Whats the best way to split a comma list column into different columns? I am looking for a simple algorithm, heard it is best to avoid scalar value functions, as they might be slow. Searching into many methods, substring, find, splitstring; we need to run this algorithm across millions of addresses, so looking for best, optimal answer with good coding practice.

create table dbo.AddressTest (AddressLine varchar(255))

insert into dbo.AddressTest (AddressLine) 
values ('123 Maple Street, Austin, Texas, 78653, 555-234-4589')

-- may not require substring, just looking for good way
select 
    substring  as AddressStreet   -- Expected: 123 Maple Street
    substring(...) as City,       -- Expected: Austin
    substring(...) as State,     -- Expected: Texas
    substring(...) as ZipCode     -- Expected: 78653
    substring(...) as PhoneNumber -- Expected: 555-234-4589
from dbo.AddressTest

looking into this method also:
https://stackoverflow.com/questions/19449492/using-t-sql-return-nth-delimited-element-from-a-string

Best Answer

STRING_SPLIT() is probably best in SQL Server 2016. I've tested against 1 million rows and returns results in 12 seconds (fairly contrived test).

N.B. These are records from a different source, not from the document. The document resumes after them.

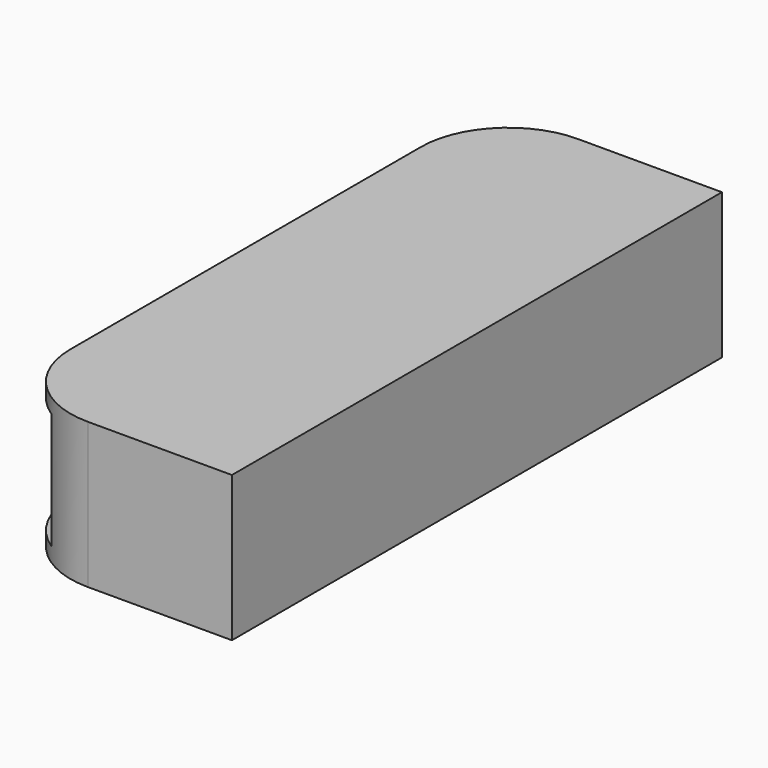
from build123d import *

# Parameters (mm, degrees)
F0_W        = 39.7482234985
F0_H        = 105.248818174
F1_DEPTH    = 25
F2_T        = -2.5
F3_T1_DEPTH = 100


# Not quite as in the source:
# - a fillet or chamfer that OpenCascade refuses, or shapes differently, is made with other operations: its cross-section is extruded or revolved along the edge and cut away or added


with BuildPart() as f1:
    # F0 (on Top) → F1 (new body)
    with BuildSketch(Plane.XY):
        with Locations((1.5861960128, 22.0201415941)):
            Rectangle(F0_W, F0_H)
    extrude(amount=F1_DEPTH)

    # F2
    f2_openings = [f1.faces().sort_by_distance(p)[0] for p in [
        (-18.287916, 22.020142, 12.5),
    ]]
    offset(amount=F2_T, openings=f2_openings)

    # F3: fillet of radius 15 on 2 edges, made by hand

    # F3_s2 → F3_t1 (cut)
    with BuildSketch(Plane.XY.offset(-37.5)):
        with BuildLine():
            ThreePointArc((-3.2879157364, 74.6445506811), (-13.8945174542, 70.2511523989), (-18.2879157364, 59.6445506811))
            Line((-18.2879157364, 59.6445506811), (-18.2879157364, 74.6445506811))
            Line((-18.2879157364, 74.6445506811), (-3.2879157364, 74.6445506811))
        make_face()
        with BuildLine():
            ThreePointArc((-3.2879157364, -30.6042674929), (-13.8945174542, -26.2108692107), (-18.2879157364, -15.6042674929))
            Line((-18.2879157364, -15.6042674929), (-18.2879157364, -30.6042674929))
            Line((-18.2879157364, -30.6042674929), (-3.2879157364, -30.6042674929))
        make_face()
    extrude(amount=F3_T1_DEPTH, mode=Mode.SUBTRACT)


solid = f1.part

You can use the PIVOT operator to produce the columns from your rows following the split as there are a known number of elements.

Code to setup

CREATE TABLE #Table (ID INT IDENTITY, StreetAddress VARCHAR(MAX))

DECLARE @I INT = 1000000

WHILE (@I) > 0
BEGIN
       INSERT INTO #Table (StreetAddress) VALUES ('123 Fake St, BigCity, My State, 12345')
       SET @I = @I -1
END

Code to retrieve split address elements

SELECT ID,
       [1] AS Street,
       [2] AS City, 
       [3] AS State, 
       [4] AS Code
FROM 
(
       SELECT ID, value, ROW_NUMBER() OVER (PARTITION BY ID ORDER BY ID) AS Rn
       FROM #Table
       CROSS APPLY STRING_SPLIT(REPLACE(StreetAddress, ', ', ','), ',')
) src
PIVOT
(
       MAX(Value) FOR Rn IN ([1], [2], [3], [4])
) pvt

You can probably improve performance by eliminating the REPLACE in STRING_SPLIT, but you'll then need to TRIM your columns to remove whitespace.